[Extracted records]
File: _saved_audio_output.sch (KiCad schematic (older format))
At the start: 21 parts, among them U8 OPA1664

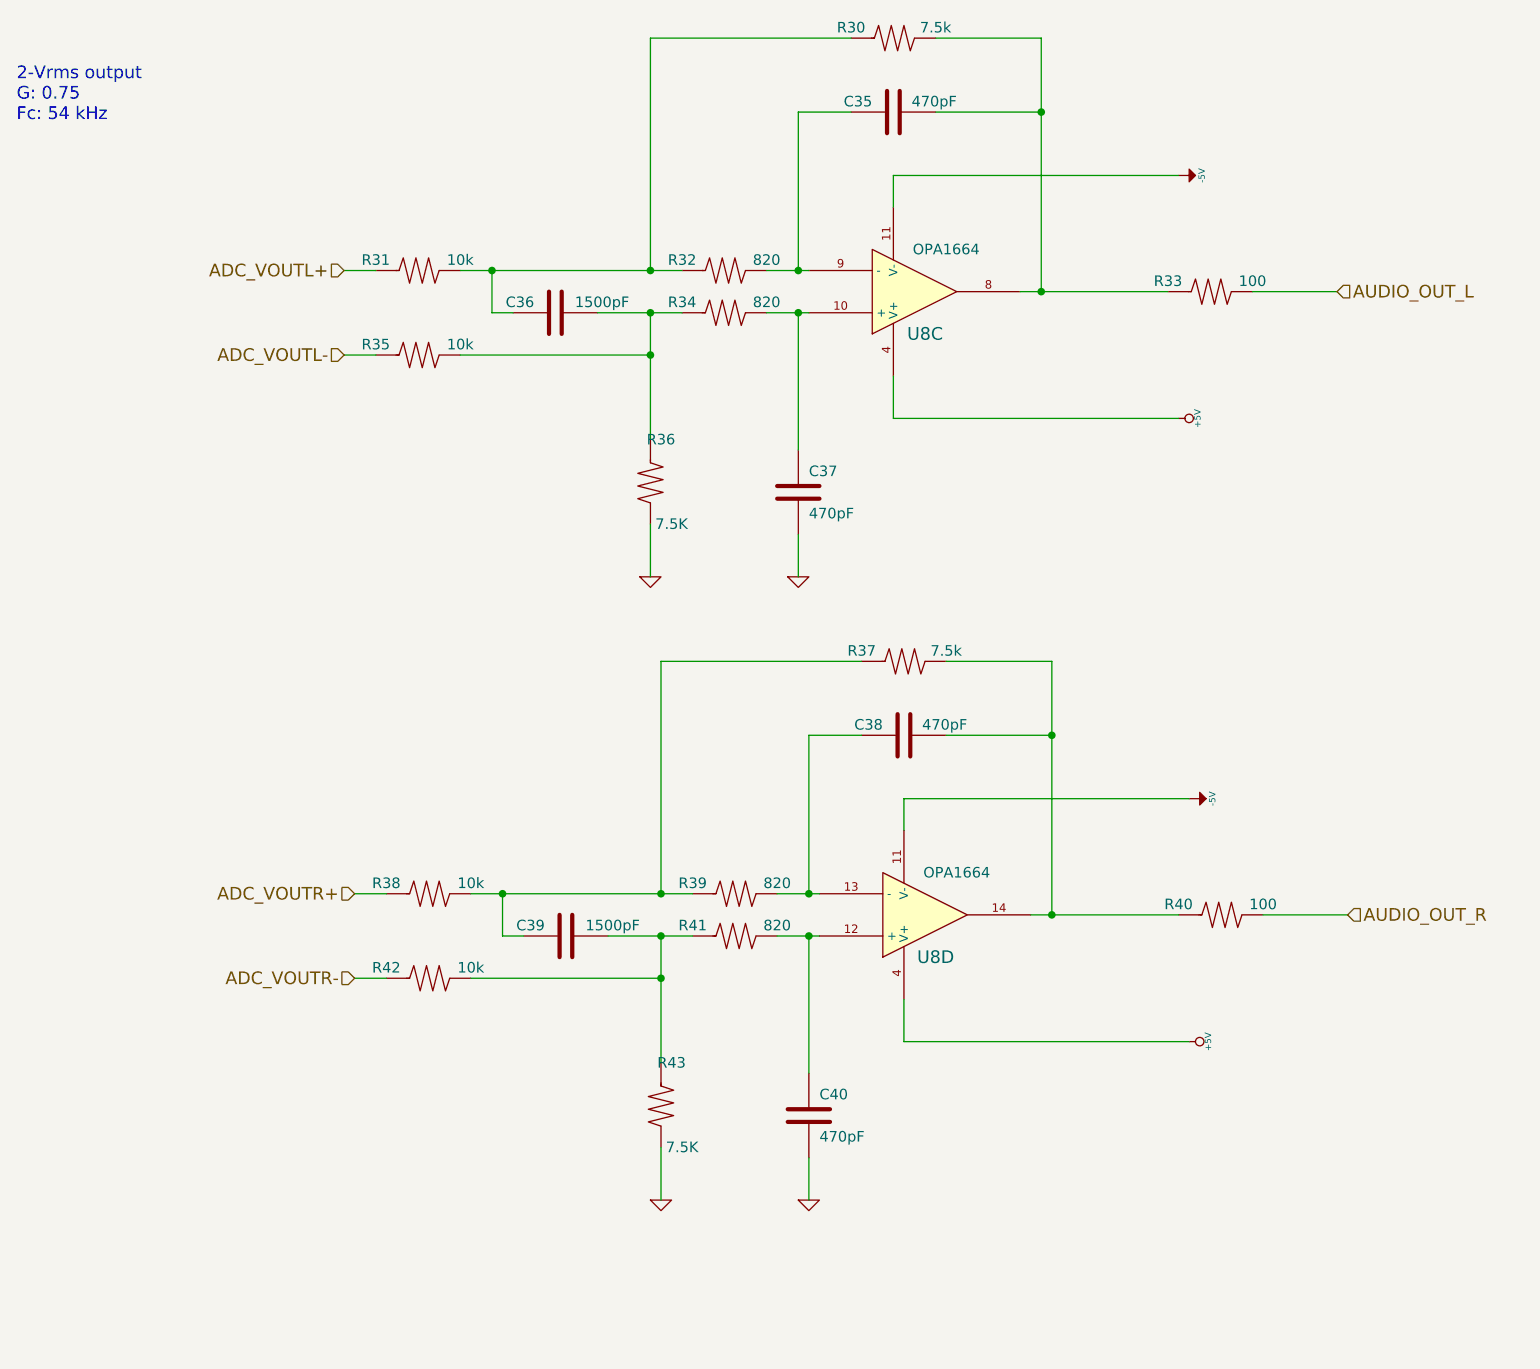
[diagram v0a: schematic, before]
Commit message: Fixed decoupling cap polarity on output op-amp, added bias to analog input, changed capacitor footprints to reflect new capacitor selections
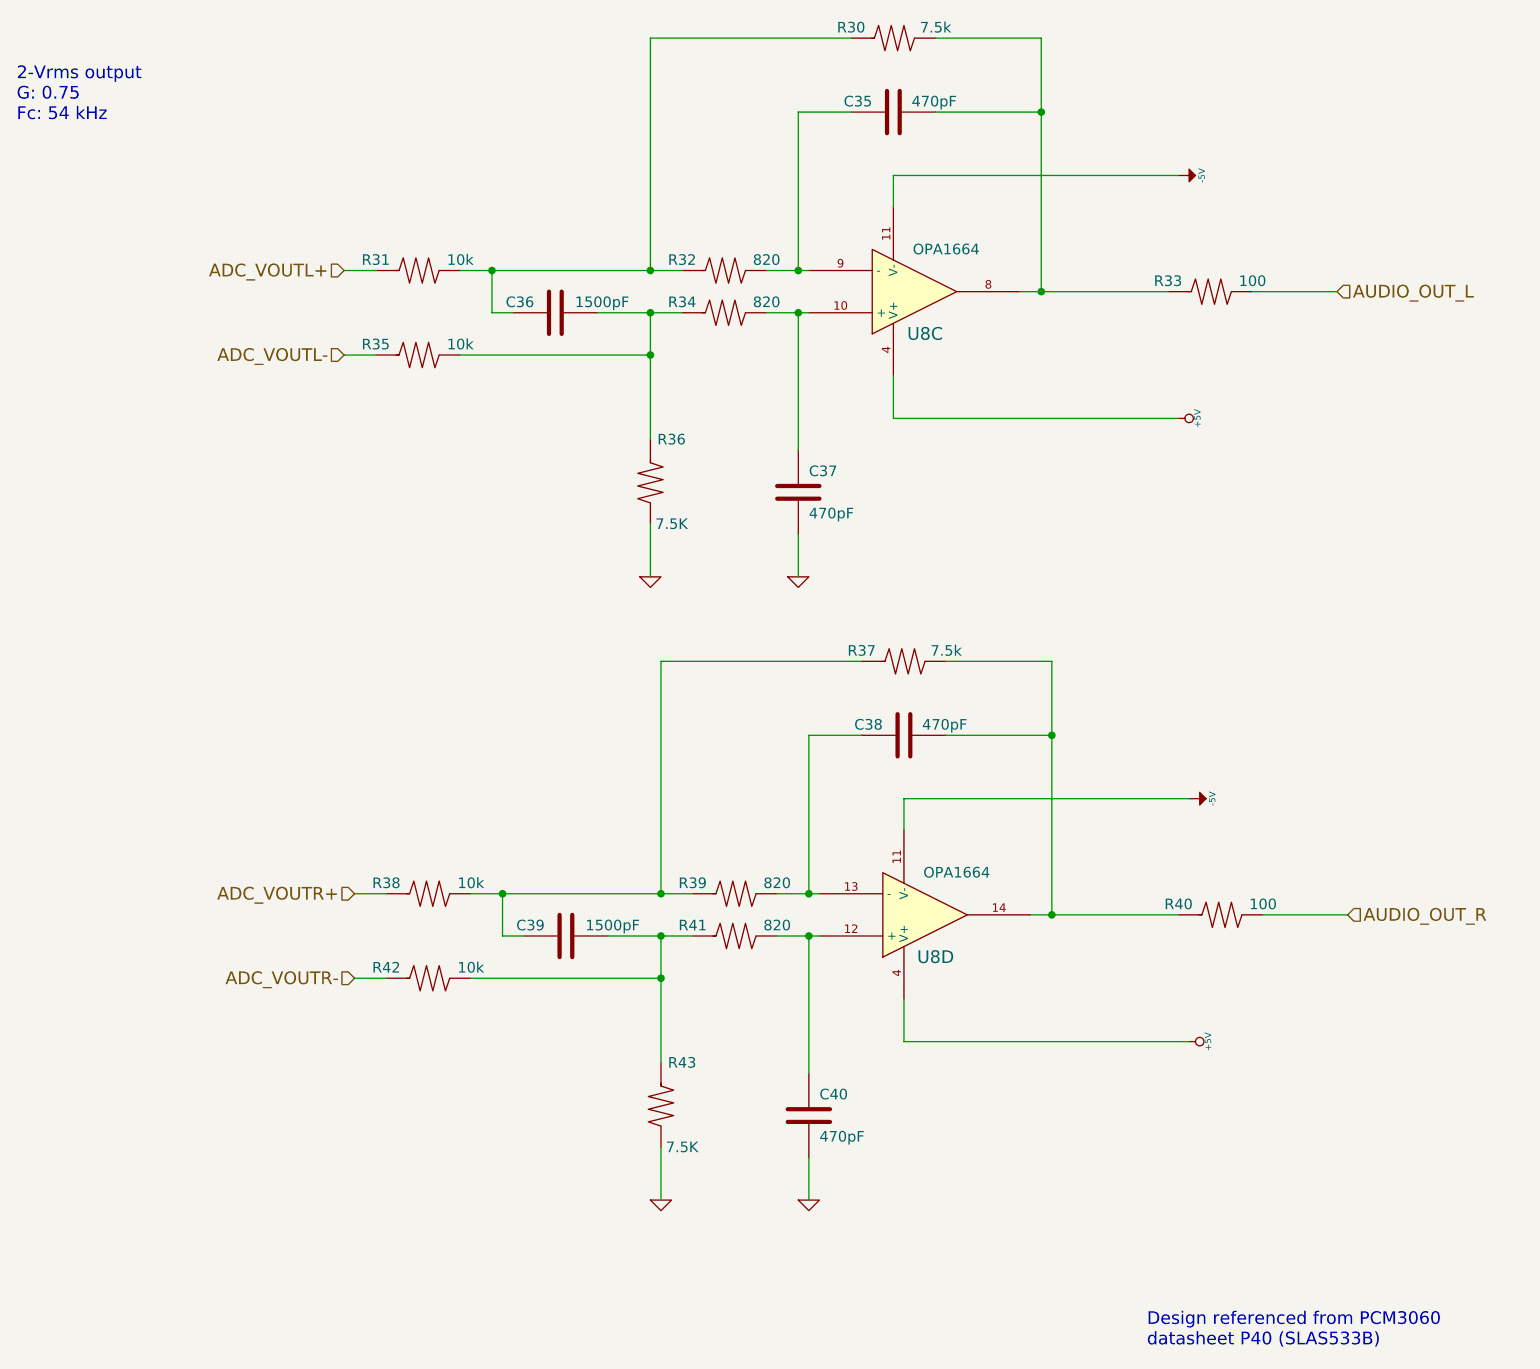
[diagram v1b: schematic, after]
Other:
- note added: "Design referenced from PCM3060\ndatasheet P40 (SLAS533B)"
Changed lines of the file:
@@
 U 1 1 5A4A0B17
 P 4000 2950
-F 0 "R36" V 3800 3000 50  0000 C CNN
+F 0 "R36" V 3800 3050 50  0000 C CNN
 F 1 "7.5K" V 4200 3050 50  0000 C CNN
 F 2 "" H 4000 2950 60  0001 C CNN
@@
 U 1 1 5A4A11F9
 P 4050 5900
-F 0 "R43" V 3850 5950 50  0000 C CNN
+F 0 "R43" V 3850 6000 50  0000 C CNN
 F 1 "7.5K" V 4250 6000 50  0000 C CNN
 F 2 "" H 4050 5900 60  0001 C CNN
@@
 Text Notes 1000 1250 0    60   ~ 0
 2-Vrms output\nG: 0.75\nFc: 54 kHz
+Text Notes 6350 7050 0    60   ~ 0
+Design referenced from PCM3060\ndatasheet P40 (SLAS533B)
 $EndSCHEMATC

• _Exercise requirements_
Could the data be reproduced exactly, with the pictures omitted?

• _Written solution_
File: _saved_audio_output.sch (KiCad schematic (older format))
At the start: 21 parts, among them U8 OPA1664

[diagram v0a: schematic, before]
Commit message: Fixed decoupling cap polarity on output op-amp, added bias to analog input, changed capacitor footprints to reflect new capacitor selections
[diagram v1b: schematic, after]
Other:
- note added: "Design referenced from PCM3060\ndatasheet P40 (SLAS533B)"
Changed lines of the file:
@@
 U 1 1 5A4A0B17
 P 4000 2950
-F 0 "R36" V 3800 3000 50  0000 C CNN
+F 0 "R36" V 3800 3050 50  0000 C CNN
 F 1 "7.5K" V 4200 3050 50  0000 C CNN
 F 2 "" H 4000 2950 60  0001 C CNN
@@
 U 1 1 5A4A11F9
 P 4050 5900
-F 0 "R43" V 3850 5950 50  0000 C CNN
+F 0 "R43" V 3850 6000 50  0000 C CNN
 F 1 "7.5K" V 4250 6000 50  0000 C CNN
 F 2 "" H 4050 5900 60  0001 C CNN
@@
 Text Notes 1000 1250 0    60   ~ 0
 2-Vrms output\nG: 0.75\nFc: 54 kHz
+Text Notes 6350 7050 0    60   ~ 0
+Design referenced from PCM3060\ndatasheet P40 (SLAS533B)
 $EndSCHEMATC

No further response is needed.